Friday, July 23, 2010

So the bumming has ended, and I am now a member of the workforce!

It's been a long journey filled with moments of uncertainty, low self-esteem ("I so lousy meh, how come no one wants to hire me?"), indecisiveness (when the job offers do come, but somehow don't seem good enough), and not to mention days when I was soooo bored just bumming around at home.

So I'm now a Senior Officer (Communications) at JTC. Hahaha sounds so big right. But actually I'm really near the bottom of the food chain. And of course, I'm now a slave to the government. I realize every job comes with its own set of pros and cons; it's just whether they weigh each other out at the end.

I admit that I considered rejecting the offer though haha. But the department head called me and had an hour-long conversation with me to answer whatever concerns I had. I think it's the effort she bothered to put in that really changed my mind, and also cuz she didn't gloss over the ugly sides of the job but shared her honest opinions. Hopefully she'll still be as nice when I start work :S So despite the potential zzz-ness of the jobscope (packaging JTC's happenings to the media, as if industrial estates are very fun things to talk about) and the kns office location, I think there'd be much to learn and benefit in the long term. It's your attitude that makes the diff I guess.

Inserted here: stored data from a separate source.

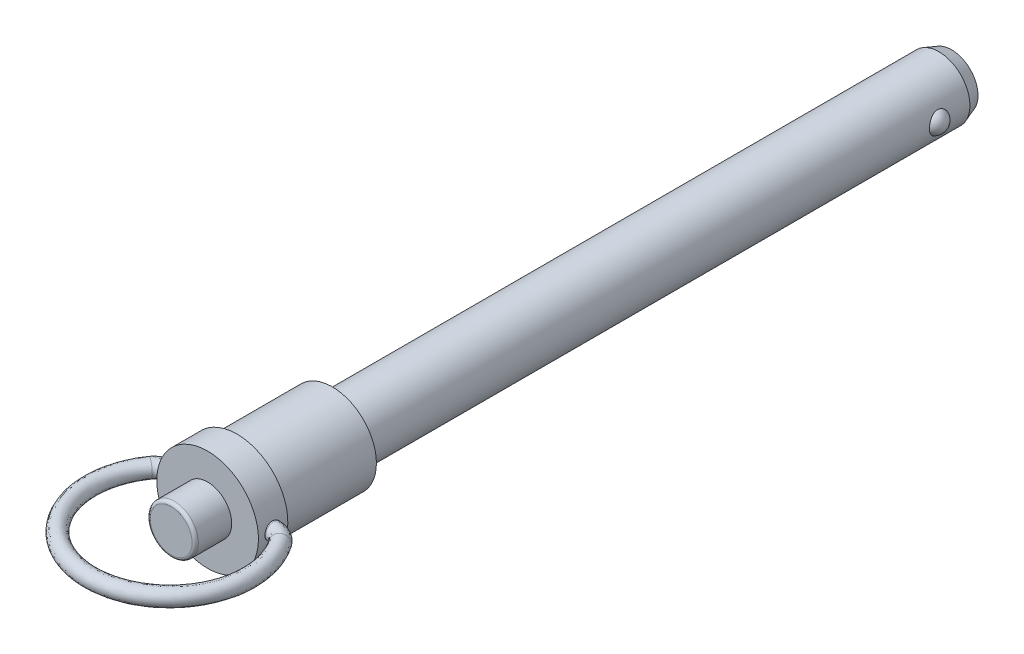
ISO-10303-21;
HEADER;
FILE_DESCRIPTION(('STEP AP214'),'2;1');
FILE_NAME('part.step','',(''),(''),'','','');
FILE_SCHEMA(('AUTOMOTIVE_DESIGN { 1 0 10303 214 1 1 1 1 }'));
ENDSEC;
DATA;
#1=APPLICATION_CONTEXT('core data for automotive mechanical design processes');
#2=APPLICATION_PROTOCOL_DEFINITION('international standard','automotive_design',2000,#1);
#3=PRODUCT_CONTEXT('',#1,'mechanical');
#4=PRODUCT('Part','Part','',(#3));
#5=PRODUCT_RELATED_PRODUCT_CATEGORY('part','',(#4));
#6=PRODUCT_DEFINITION_FORMATION('','',#4);
#7=PRODUCT_DEFINITION_CONTEXT('part definition',#1,'design');
#8=PRODUCT_DEFINITION('design','',#6,#7);
#9=PRODUCT_DEFINITION_SHAPE('','',#8);
#10=(LENGTH_UNIT() NAMED_UNIT(*) SI_UNIT(.MILLI.,.METRE.));
#11=(NAMED_UNIT(*) PLANE_ANGLE_UNIT() SI_UNIT($,.RADIAN.));
#12=(NAMED_UNIT(*) SI_UNIT($,.STERADIAN.) SOLID_ANGLE_UNIT());
#13=UNCERTAINTY_MEASURE_WITH_UNIT(LENGTH_MEASURE(1.E-05),#10,'distance_accuracy_value','');
#14=(GEOMETRIC_REPRESENTATION_CONTEXT(3) GLOBAL_UNCERTAINTY_ASSIGNED_CONTEXT((#13)) GLOBAL_UNIT_ASSIGNED_CONTEXT((#10,
#11,#12)) REPRESENTATION_CONTEXT('',''));
#15=CARTESIAN_POINT('',(0.,0.,0.));
#16=DIRECTION('',(0.,0.,1.));
#17=DIRECTION('',(1.,0.,0.));
#18=AXIS2_PLACEMENT_3D('',#15,#16,#17);
#19=CARTESIAN_POINT('',(0.,0.,25.765));
#20=DIRECTION('',(0.,0.,1.));
#21=DIRECTION('',(1.,0.,0.));
#22=AXIS2_PLACEMENT_3D('',#19,#20,#21);
#23=PLANE('',#22);
#24=CARTESIAN_POINT('',(0.,0.,25.765));
#25=DIRECTION('',(0.,0.,1.));
#26=DIRECTION('',(1.,0.,0.));
#27=AXIS2_PLACEMENT_3D('',#24,#25,#26);
#28=CIRCLE('',#27,3.3481);
#29=CARTESIAN_POINT('',(3.3481,0.,25.765));
#30=VERTEX_POINT('',#29);
#31=EDGE_CURVE('E141',#30,#30,#28,.T.);
#32=ORIENTED_EDGE('',*,*,#31,.T.);
#33=EDGE_LOOP('',(#32));
#34=FACE_BOUND('',#33,.T.);
#35=ADVANCED_FACE('F13',(#34),#23,.T.);
#36=CARTESIAN_POINT('',(0.,0.,25.265));
#37=DIRECTION('',(0.,0.,1.));
#38=DIRECTION('',(1.,0.,0.));
#39=AXIS2_PLACEMENT_3D('',#36,#37,#38);
#40=TOROIDAL_SURFACE('',#39,3.3481,0.5);
#41=CARTESIAN_POINT('',(0.,0.,25.265));
#42=DIRECTION('',(0.,0.,1.));
#43=DIRECTION('',(1.,0.,0.));
#44=AXIS2_PLACEMENT_3D('',#41,#42,#43);
#45=CIRCLE('',#44,3.8481);
#46=CARTESIAN_POINT('',(3.8481,0.,25.265));
#47=VERTEX_POINT('',#46);
#48=EDGE_CURVE('E138',#47,#47,#45,.T.);
#49=ORIENTED_EDGE('',*,*,#48,.T.);
#50=EDGE_LOOP('',(#49));
#51=FACE_BOUND('',#50,.T.);
#52=ORIENTED_EDGE('',*,*,#31,.F.);
#53=EDGE_LOOP('',(#52));
#54=FACE_BOUND('',#53,.T.);
#55=ADVANCED_FACE('F76',(#51,#54),#40,.T.);
#56=CARTESIAN_POINT('',(11.4497733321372,0.,17.9437724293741));
#57=CARTESIAN_POINT('',(11.8265676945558,0.,18.4801460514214));
#58=CARTESIAN_POINT('',(12.6551080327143,0.,19.8662433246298));
#59=CARTESIAN_POINT('',(13.4882796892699,0.,22.0133244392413));
#60=CARTESIAN_POINT('',(14.0014195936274,0.,24.4938075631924));
#61=CARTESIAN_POINT('',(14.0399868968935,0.,27.1482100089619));
#62=CARTESIAN_POINT('',(13.5501253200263,0.,29.8733661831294));
#63=CARTESIAN_POINT('',(12.5103672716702,0.,32.4943169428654));
#64=CARTESIAN_POINT('',(10.9649059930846,0.,34.8529407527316));
#65=CARTESIAN_POINT('',(9.01915526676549,0.,36.8217510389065));
#66=CARTESIAN_POINT('',(6.82219687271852,0.,38.3176313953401));
#67=CARTESIAN_POINT('',(4.51156788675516,0.,39.3254677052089));
#68=CARTESIAN_POINT('',(2.23137128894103,0.,39.879227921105));
#69=CARTESIAN_POINT('',(7.28333001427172E-13,0.,40.0580345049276));
#70=CARTESIAN_POINT('',(-2.23137128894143,0.,39.879227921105));
#71=CARTESIAN_POINT('',(-4.51156788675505,0.,39.3254677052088));
#72=CARTESIAN_POINT('',(-6.82219687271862,0.,38.31763139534));
#73=CARTESIAN_POINT('',(-9.01915526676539,0.,36.8217510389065));
#74=CARTESIAN_POINT('',(-10.9649059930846,0.,34.8529407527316));
#75=CARTESIAN_POINT('',(-12.5103672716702,0.,32.4943169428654));
#76=CARTESIAN_POINT('',(-13.5501253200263,0.,29.8733661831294));
#77=CARTESIAN_POINT('',(-14.0399868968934,0.,27.148210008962));
#78=CARTESIAN_POINT('',(-14.0014195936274,0.,24.4938075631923));
#79=CARTESIAN_POINT('',(-13.4882796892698,0.,22.0133244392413));
#80=CARTESIAN_POINT('',(-12.6551080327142,0.,19.8662433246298));
#81=CARTESIAN_POINT('',(-11.8265676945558,0.,18.4801460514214));
#82=CARTESIAN_POINT('',(-11.4497733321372,0.,17.9437724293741));
#83=CARTESIAN_POINT('',(11.4497733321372,-2.59999999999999,17.9437724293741));
#84=CARTESIAN_POINT('',(11.7096770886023,-2.59999999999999,18.3137501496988));
#85=CARTESIAN_POINT('',(12.7137877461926,-2.59999999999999,19.9497749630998));
#86=CARTESIAN_POINT('',(13.4708176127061,-2.59999999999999,21.9884668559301));
#87=CARTESIAN_POINT('',(14.0065482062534,-2.6,24.5011082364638));
#88=CARTESIAN_POINT('',(14.0385176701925,-2.59999999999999,27.1461185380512));
#89=CARTESIAN_POINT('',(13.5505344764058,-2.59999999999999,29.8739486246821));
#90=CARTESIAN_POINT('',(12.5102566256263,-2.59999999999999,32.4941594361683));
#91=CARTESIAN_POINT('',(10.9649350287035,-2.59999999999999,34.8529820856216));
#92=CARTESIAN_POINT('',(9.01914786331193,-2.6,36.8217404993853));
#93=CARTESIAN_POINT('',(6.82219870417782,-2.59999999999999,38.3176340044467));
#94=CARTESIAN_POINT('',(4.51156744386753,-2.59999999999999,39.3254670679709));
#95=CARTESIAN_POINT('',(2.23137138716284,-2.59999999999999,39.879228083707));
#96=CARTESIAN_POINT('',(7.28268272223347E-13,-2.59999999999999,40.0580344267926));
#97=CARTESIAN_POINT('',(-2.23137138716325,-2.6,39.879228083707));
#98=CARTESIAN_POINT('',(-4.51156744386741,-2.59999999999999,39.3254670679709));
#99=CARTESIAN_POINT('',(-6.82219870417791,-2.6,38.3176340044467));
#100=CARTESIAN_POINT('',(-9.01914786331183,-2.59999999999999,36.8217404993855));
#101=CARTESIAN_POINT('',(-10.9649350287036,-2.59999999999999,34.8529820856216));
#102=CARTESIAN_POINT('',(-12.5102566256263,-2.59999999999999,32.4941594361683));
#103=CARTESIAN_POINT('',(-13.5505344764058,-2.59999999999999,29.8739486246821));
#104=CARTESIAN_POINT('',(-14.0385176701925,-2.6,27.1461185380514));
#105=CARTESIAN_POINT('',(-14.0065482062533,-2.59999999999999,24.5011082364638));
#106=CARTESIAN_POINT('',(-13.4708176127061,-2.59999999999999,21.9884668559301));
#107=CARTESIAN_POINT('',(-12.7137877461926,-2.59999999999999,19.9497749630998));
#108=CARTESIAN_POINT('',(-11.7096770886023,-2.59999999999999,18.3137501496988));
#109=CARTESIAN_POINT('',(-11.4497733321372,-2.59999999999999,17.9437724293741));
#110=CARTESIAN_POINT('',(9.33442519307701,-2.59999999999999,19.4556422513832));
#111=CARTESIAN_POINT('',(9.59432894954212,-2.59999999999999,19.8256199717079));
#112=CARTESIAN_POINT('',(10.3328710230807,-2.59999999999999,21.0505437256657));
#113=CARTESIAN_POINT('',(10.9823054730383,-2.59999999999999,22.7644201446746));
#114=CARTESIAN_POINT('',(11.4042672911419,-2.6,24.7888114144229));
#115=CARTESIAN_POINT('',(11.4306312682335,-2.59999999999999,26.9493701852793));
#116=CARTESIAN_POINT('',(11.0308912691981,-2.59999999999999,29.1626260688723));
#117=CARTESIAN_POINT('',(10.1828123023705,-2.59999999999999,31.2968985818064));
#118=CARTESIAN_POINT('',(8.92160036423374,-2.59999999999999,33.2166725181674));
#119=CARTESIAN_POINT('',(7.34098330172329,-2.6,34.8144779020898));
#120=CARTESIAN_POINT('',(5.5491258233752,-2.59999999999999,36.0332448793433));
#121=CARTESIAN_POINT('',(3.67550207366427,-2.59999999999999,36.8497543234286));
#122=CARTESIAN_POINT('',(1.8109997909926,-2.59999999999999,37.3021941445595));
#123=CARTESIAN_POINT('',(-9.61358135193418E-13,-2.59999999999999,37.4469985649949));
#124=CARTESIAN_POINT('',(-1.81099979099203,-2.6,37.3021941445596));
#125=CARTESIAN_POINT('',(-3.6755020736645,-2.59999999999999,36.8497543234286));
#126=CARTESIAN_POINT('',(-5.54912582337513,-2.6,36.0332448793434));
#127=CARTESIAN_POINT('',(-7.34098330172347,-2.59999999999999,34.8144779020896));
#128=CARTESIAN_POINT('',(-8.92160036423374,-2.59999999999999,33.2166725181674));
#129=CARTESIAN_POINT('',(-10.1828123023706,-2.59999999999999,31.2968985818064));
#130=CARTESIAN_POINT('',(-11.0308912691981,-2.59999999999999,29.1626260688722));
#131=CARTESIAN_POINT('',(-11.4306312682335,-2.6,26.9493701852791));
#132=CARTESIAN_POINT('',(-11.4042672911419,-2.59999999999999,24.7888114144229));
#133=CARTESIAN_POINT('',(-10.9823054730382,-2.59999999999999,22.7644201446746));
#134=CARTESIAN_POINT('',(-10.3328710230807,-2.59999999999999,21.0505437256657));
#135=CARTESIAN_POINT('',(-9.59432894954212,-2.59999999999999,19.8256199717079));
#136=CARTESIAN_POINT('',(-9.33442519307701,-2.59999999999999,19.4556422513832));
#137=CARTESIAN_POINT('',(9.33442519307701,0.,19.4556422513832));
#138=CARTESIAN_POINT('',(9.65277425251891,0.,19.9088179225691));
#139=CARTESIAN_POINT('',(10.3035311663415,0.,21.0087779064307));
#140=CARTESIAN_POINT('',(10.9910365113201,0.,22.7768489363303));
#141=CARTESIAN_POINT('',(11.4017029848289,0.,24.7851610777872));
#142=CARTESIAN_POINT('',(11.431365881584,0.,26.9504159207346));
#143=CARTESIAN_POINT('',(11.0306866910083,0.,29.1623348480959));
#144=CARTESIAN_POINT('',(10.1828676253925,0.,31.2969773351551));
#145=CARTESIAN_POINT('',(8.92158584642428,0.,33.2166518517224));
#146=CARTESIAN_POINT('',(7.34098700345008,0.,34.8144831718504));
#147=CARTESIAN_POINT('',(5.54912490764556,0.,36.03324357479));
#148=CARTESIAN_POINT('',(3.67550229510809,0.,36.8497546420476));
#149=CARTESIAN_POINT('',(1.8109997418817,0.,37.3021940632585));
#150=CARTESIAN_POINT('',(-9.6127182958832E-13,0.,37.4469986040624));
#151=CARTESIAN_POINT('',(-1.81099974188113,0.,37.3021940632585));
#152=CARTESIAN_POINT('',(-3.67550229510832,0.,36.8497546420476));
#153=CARTESIAN_POINT('',(-5.54912490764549,0.,36.03324357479));
#154=CARTESIAN_POINT('',(-7.34098700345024,0.,34.8144831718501));
#155=CARTESIAN_POINT('',(-8.92158584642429,0.,33.2166518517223));
#156=CARTESIAN_POINT('',(-10.1828676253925,0.,31.296977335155));
#157=CARTESIAN_POINT('',(-11.0306866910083,0.,29.1623348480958));
#158=CARTESIAN_POINT('',(-11.431365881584,0.,26.9504159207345));
#159=CARTESIAN_POINT('',(-11.4017029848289,0.,24.7851610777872));
#160=CARTESIAN_POINT('',(-10.9910365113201,0.,22.7768489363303));
#161=CARTESIAN_POINT('',(-10.3035311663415,0.,21.0087779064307));
#162=CARTESIAN_POINT('',(-9.6527742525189,0.,19.9088179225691));
#163=CARTESIAN_POINT('',(-9.33442519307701,0.,19.4556422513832));
#164=CARTESIAN_POINT('',(9.33442519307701,2.59999999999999,19.4556422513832));
#165=CARTESIAN_POINT('',(9.7112195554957,2.59999999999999,19.9920158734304));
#166=CARTESIAN_POINT('',(10.2741913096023,2.59999999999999,20.9670120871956));
#167=CARTESIAN_POINT('',(10.999767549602,2.59999999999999,22.7892777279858));
#168=CARTESIAN_POINT('',(11.3991386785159,2.6,24.7815107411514));
#169=CARTESIAN_POINT('',(11.4321004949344,2.59999999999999,26.9514616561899));
#170=CARTESIAN_POINT('',(11.0304821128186,2.59999999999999,29.1620436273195));
#171=CARTESIAN_POINT('',(10.1829229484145,2.59999999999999,31.2970560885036));
#172=CARTESIAN_POINT('',(8.92157132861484,2.59999999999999,33.2166311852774));
#173=CARTESIAN_POINT('',(7.34099070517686,2.6,34.8144884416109));
#174=CARTESIAN_POINT('',(5.54912399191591,2.59999999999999,36.0332422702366));
#175=CARTESIAN_POINT('',(3.67550251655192,2.59999999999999,36.8497549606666));
#176=CARTESIAN_POINT('',(1.81099969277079,2.59999999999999,37.3021939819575));
#177=CARTESIAN_POINT('',(-9.61422864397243E-13,2.59999999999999,37.4469986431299));
#178=CARTESIAN_POINT('',(-1.81099969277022,2.6,37.3021939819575));
#179=CARTESIAN_POINT('',(-3.67550251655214,2.59999999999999,36.8497549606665));
#180=CARTESIAN_POINT('',(-5.54912399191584,2.6,36.0332422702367));
#181=CARTESIAN_POINT('',(-7.34099070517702,2.59999999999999,34.8144884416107));
#182=CARTESIAN_POINT('',(-8.92157132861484,2.59999999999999,33.2166311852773));
#183=CARTESIAN_POINT('',(-10.1829229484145,2.59999999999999,31.2970560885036));
#184=CARTESIAN_POINT('',(-11.0304821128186,2.59999999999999,29.1620436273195));
#185=CARTESIAN_POINT('',(-11.4321004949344,2.6,26.9514616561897));
#186=CARTESIAN_POINT('',(-11.3991386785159,2.59999999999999,24.7815107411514));
#187=CARTESIAN_POINT('',(-10.999767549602,2.59999999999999,22.7892777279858));
#188=CARTESIAN_POINT('',(-10.2741913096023,2.59999999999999,20.9670120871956));
#189=CARTESIAN_POINT('',(-9.71121955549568,2.59999999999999,19.9920158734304));
#190=CARTESIAN_POINT('',(-9.33442519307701,2.59999999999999,19.4556422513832));
#191=CARTESIAN_POINT('',(11.4497733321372,2.59999999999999,17.9437724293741));
#192=CARTESIAN_POINT('',(11.9434583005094,2.59999999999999,18.6465419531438));
#193=CARTESIAN_POINT('',(12.5964283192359,2.59999999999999,19.7827116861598));
#194=CARTESIAN_POINT('',(13.5057417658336,2.59999999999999,22.0381820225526));
#195=CARTESIAN_POINT('',(13.9962909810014,2.6,24.4865068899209));
#196=CARTESIAN_POINT('',(14.0414561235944,2.59999999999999,27.1503014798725));
#197=CARTESIAN_POINT('',(13.5497161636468,2.59999999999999,29.8727837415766));
#198=CARTESIAN_POINT('',(12.5104779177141,2.59999999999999,32.4944744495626));
#199=CARTESIAN_POINT('',(10.9648769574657,2.59999999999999,34.8528994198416));
#200=CARTESIAN_POINT('',(9.01916267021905,2.6,36.8217615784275));
#201=CARTESIAN_POINT('',(6.82219504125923,2.59999999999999,38.3176287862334));
#202=CARTESIAN_POINT('',(4.5115683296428,2.59999999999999,39.3254683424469));
#203=CARTESIAN_POINT('',(2.23137119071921,2.59999999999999,39.8792277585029));
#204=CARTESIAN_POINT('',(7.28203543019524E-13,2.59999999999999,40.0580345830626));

But I definitely do not look forward to travelling 1 hour all the way to the other end of the island everyday. The fact that work starts at 8.30am does not help. I foresee no end to my strong caffeine dependency. But oh well, I guess it could be worse. And now that I'm gainfully employed, I have to stop myself from regretting my decision and thinking about other potential interviews/offers that might come my way. I just have to trust in God, that this is where He wants me to be, and to make the most of it!